The company’s core innovation lies in creating what Ben calls a “universal HR database” by aggregating public employment data. “Every company’s got their own HR data and that’s a locked box. They don’t share that with anyone,” he explains. “And we are trying to collect the universe of public employment records and try to reconstruct or approximate the HR database for every company.”

This approach struck a chord, but not initially with their intended market. Instead of HR departments, their first customers were hedge funds and private equity firms seeking deeper insights into companies. Ben notes: “We kind of got sidetracked a little bit because we found this huge opportunity in selling to hedge funds and private equity firms and sell side research groups and VCs.”

This unexpected direction proved valuable, leading to expansion into consulting and eventually corporate markets. The company maintained a steadfast focus on product development, with Ben noting: “Right now there’s, I think, 55 people in the company and only four people don’t write code. Everyone’s really hands on.”

Their commitment to data quality has earned them significant credibility. The company’s insights are now regularly featured in major media outlets, and they’ve even gone toe-to-toe with tech giants over their analysis. Ben shares a recent example: “We had a newsletter that we did in collaboration with Bloomberg that basically showed that Meta basically stopped hiring people in VR AR and all the Metaverse skills… the communications team reached out to us… and then a couple of weeks later, then they had their big announcement about how they’re kind of stopping hiring. So we got vindicated eventually.”

Looking ahead, Revelio Labs has ambitious plans to revolutionize how companies understand and manage their workforce. “In ten years, I really would like to see a Revellia Labs terminal on the computer of every person who works in HR, just like a Bloomberg terminal is used by everyone in finance,” Ben shares.
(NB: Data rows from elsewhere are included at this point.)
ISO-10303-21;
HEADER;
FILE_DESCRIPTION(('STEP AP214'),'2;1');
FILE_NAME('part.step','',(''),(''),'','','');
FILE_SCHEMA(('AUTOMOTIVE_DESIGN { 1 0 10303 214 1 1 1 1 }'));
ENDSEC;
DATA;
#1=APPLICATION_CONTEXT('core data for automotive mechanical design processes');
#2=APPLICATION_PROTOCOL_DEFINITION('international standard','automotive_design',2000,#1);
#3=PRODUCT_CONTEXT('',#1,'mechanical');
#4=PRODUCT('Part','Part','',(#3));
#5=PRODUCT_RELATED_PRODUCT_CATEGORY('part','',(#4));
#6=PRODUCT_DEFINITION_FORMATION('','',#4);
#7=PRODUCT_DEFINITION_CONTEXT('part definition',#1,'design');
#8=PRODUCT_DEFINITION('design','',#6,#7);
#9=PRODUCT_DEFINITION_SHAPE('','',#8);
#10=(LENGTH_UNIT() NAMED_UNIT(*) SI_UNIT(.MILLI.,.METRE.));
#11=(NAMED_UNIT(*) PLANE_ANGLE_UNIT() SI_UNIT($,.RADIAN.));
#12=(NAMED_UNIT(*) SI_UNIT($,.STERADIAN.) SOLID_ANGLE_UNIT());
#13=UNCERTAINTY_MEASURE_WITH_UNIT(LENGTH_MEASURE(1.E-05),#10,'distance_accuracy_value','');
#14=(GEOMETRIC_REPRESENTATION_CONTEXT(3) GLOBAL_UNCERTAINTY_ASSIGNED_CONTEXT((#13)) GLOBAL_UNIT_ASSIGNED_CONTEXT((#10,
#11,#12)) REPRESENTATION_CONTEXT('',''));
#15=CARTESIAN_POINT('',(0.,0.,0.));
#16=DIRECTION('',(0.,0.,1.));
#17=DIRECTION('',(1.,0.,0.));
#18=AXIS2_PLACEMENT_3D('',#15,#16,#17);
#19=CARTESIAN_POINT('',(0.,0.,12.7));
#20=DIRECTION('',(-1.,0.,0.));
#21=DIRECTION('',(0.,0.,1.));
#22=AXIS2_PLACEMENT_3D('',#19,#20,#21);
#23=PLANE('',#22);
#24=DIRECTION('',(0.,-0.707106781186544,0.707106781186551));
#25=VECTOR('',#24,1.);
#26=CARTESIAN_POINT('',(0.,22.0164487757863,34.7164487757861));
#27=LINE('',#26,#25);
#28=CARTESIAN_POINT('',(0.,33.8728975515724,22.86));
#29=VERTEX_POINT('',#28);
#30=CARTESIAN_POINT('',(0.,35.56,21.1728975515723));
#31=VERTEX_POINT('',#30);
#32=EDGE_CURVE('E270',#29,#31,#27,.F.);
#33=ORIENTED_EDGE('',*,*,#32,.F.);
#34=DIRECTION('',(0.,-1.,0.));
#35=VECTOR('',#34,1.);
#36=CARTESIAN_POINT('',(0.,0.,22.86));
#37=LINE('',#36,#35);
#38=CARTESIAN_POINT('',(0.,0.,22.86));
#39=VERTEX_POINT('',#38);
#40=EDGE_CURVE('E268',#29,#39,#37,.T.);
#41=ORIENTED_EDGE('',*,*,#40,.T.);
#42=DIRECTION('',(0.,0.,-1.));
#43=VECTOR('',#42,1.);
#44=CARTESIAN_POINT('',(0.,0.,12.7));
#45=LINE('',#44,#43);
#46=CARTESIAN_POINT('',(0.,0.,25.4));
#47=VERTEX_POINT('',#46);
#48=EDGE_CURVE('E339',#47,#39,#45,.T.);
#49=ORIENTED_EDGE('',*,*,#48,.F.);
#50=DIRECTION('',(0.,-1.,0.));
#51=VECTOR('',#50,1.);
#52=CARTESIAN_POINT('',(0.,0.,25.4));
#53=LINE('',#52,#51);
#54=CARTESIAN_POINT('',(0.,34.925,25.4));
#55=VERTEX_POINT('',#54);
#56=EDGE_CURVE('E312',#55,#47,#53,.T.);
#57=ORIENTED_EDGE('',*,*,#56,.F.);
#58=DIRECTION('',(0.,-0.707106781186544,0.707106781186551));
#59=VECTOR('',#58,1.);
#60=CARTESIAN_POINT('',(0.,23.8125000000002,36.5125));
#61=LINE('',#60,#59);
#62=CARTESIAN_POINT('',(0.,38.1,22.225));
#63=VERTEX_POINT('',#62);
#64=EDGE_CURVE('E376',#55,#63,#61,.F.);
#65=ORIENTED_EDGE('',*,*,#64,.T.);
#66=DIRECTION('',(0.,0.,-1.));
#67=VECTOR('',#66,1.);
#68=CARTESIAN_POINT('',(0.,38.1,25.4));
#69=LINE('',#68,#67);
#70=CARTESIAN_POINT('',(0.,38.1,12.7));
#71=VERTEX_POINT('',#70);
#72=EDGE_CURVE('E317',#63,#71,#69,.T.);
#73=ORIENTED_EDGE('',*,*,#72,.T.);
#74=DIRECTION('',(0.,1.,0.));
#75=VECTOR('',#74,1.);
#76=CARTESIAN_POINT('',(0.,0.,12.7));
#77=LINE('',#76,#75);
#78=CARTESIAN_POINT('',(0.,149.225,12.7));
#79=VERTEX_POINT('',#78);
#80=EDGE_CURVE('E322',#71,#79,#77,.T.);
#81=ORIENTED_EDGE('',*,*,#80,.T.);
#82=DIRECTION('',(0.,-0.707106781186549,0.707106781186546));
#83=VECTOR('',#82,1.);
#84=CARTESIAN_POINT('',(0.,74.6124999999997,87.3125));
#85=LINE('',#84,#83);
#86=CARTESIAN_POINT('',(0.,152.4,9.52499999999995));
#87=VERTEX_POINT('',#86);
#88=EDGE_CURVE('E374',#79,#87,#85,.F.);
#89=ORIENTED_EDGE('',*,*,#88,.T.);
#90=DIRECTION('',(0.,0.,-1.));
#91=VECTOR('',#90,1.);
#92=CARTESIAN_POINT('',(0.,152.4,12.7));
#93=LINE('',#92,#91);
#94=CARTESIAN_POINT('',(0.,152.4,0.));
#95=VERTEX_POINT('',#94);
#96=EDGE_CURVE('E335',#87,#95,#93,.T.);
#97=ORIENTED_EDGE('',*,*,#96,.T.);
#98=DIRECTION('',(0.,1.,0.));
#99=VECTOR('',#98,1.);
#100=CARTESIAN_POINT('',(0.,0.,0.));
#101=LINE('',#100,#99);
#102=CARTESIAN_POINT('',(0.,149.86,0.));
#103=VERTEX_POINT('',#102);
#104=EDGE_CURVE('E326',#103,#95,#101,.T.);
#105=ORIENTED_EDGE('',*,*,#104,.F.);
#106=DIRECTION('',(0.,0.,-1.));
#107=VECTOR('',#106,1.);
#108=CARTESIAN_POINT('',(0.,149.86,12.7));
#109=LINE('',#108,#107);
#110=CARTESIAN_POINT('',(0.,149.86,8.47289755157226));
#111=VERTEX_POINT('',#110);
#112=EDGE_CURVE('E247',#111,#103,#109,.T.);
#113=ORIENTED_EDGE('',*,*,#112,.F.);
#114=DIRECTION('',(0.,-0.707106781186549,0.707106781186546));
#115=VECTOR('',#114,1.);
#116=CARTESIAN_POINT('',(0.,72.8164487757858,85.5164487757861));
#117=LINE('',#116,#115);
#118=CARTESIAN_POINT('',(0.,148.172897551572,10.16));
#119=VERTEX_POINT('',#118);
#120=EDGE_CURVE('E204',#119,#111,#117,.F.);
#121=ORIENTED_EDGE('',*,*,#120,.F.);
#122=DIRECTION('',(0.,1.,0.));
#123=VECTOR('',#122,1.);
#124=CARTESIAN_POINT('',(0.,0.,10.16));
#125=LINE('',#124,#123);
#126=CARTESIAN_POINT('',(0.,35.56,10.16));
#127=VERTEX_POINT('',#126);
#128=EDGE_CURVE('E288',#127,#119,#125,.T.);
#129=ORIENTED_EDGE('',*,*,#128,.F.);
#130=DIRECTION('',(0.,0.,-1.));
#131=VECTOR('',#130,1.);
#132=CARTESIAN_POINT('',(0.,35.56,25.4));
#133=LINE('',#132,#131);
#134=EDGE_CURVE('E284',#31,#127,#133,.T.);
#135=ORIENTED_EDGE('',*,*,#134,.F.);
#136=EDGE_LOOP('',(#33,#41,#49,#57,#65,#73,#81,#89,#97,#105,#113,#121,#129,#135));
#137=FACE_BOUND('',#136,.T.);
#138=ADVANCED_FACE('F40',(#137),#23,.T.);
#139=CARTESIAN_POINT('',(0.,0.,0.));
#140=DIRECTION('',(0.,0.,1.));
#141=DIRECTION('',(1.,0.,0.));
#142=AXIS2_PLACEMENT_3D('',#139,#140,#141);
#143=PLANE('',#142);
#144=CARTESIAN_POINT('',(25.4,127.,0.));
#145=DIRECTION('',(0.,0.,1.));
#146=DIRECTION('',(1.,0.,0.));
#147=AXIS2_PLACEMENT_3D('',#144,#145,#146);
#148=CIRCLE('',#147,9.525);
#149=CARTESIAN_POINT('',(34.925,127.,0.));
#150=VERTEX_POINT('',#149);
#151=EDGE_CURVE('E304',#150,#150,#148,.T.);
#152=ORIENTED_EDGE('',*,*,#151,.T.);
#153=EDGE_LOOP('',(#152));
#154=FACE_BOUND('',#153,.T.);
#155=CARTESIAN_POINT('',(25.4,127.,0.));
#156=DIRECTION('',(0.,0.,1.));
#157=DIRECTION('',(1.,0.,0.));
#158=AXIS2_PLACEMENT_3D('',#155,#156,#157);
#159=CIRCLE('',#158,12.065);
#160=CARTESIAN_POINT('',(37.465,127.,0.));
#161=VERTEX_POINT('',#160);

The next frontier involves combining their external data insights with companies’ internal HR data. As Ben explains: “We have a lot of data that companies themselves don’t have… so I think we’d like to come into a company and say, we can incorporate your own data and the external data and give you the best of both worlds and still be able to enable benchmarking across companies.”

Their journey illustrates how transformative business ideas often require rethinking entire industries, and sometimes the path to realizing that vision comes from unexpected directions. By starting with sophisticated users in finance, Revelio Labs built the foundation to potentially transform how every company understands and manages their workforce.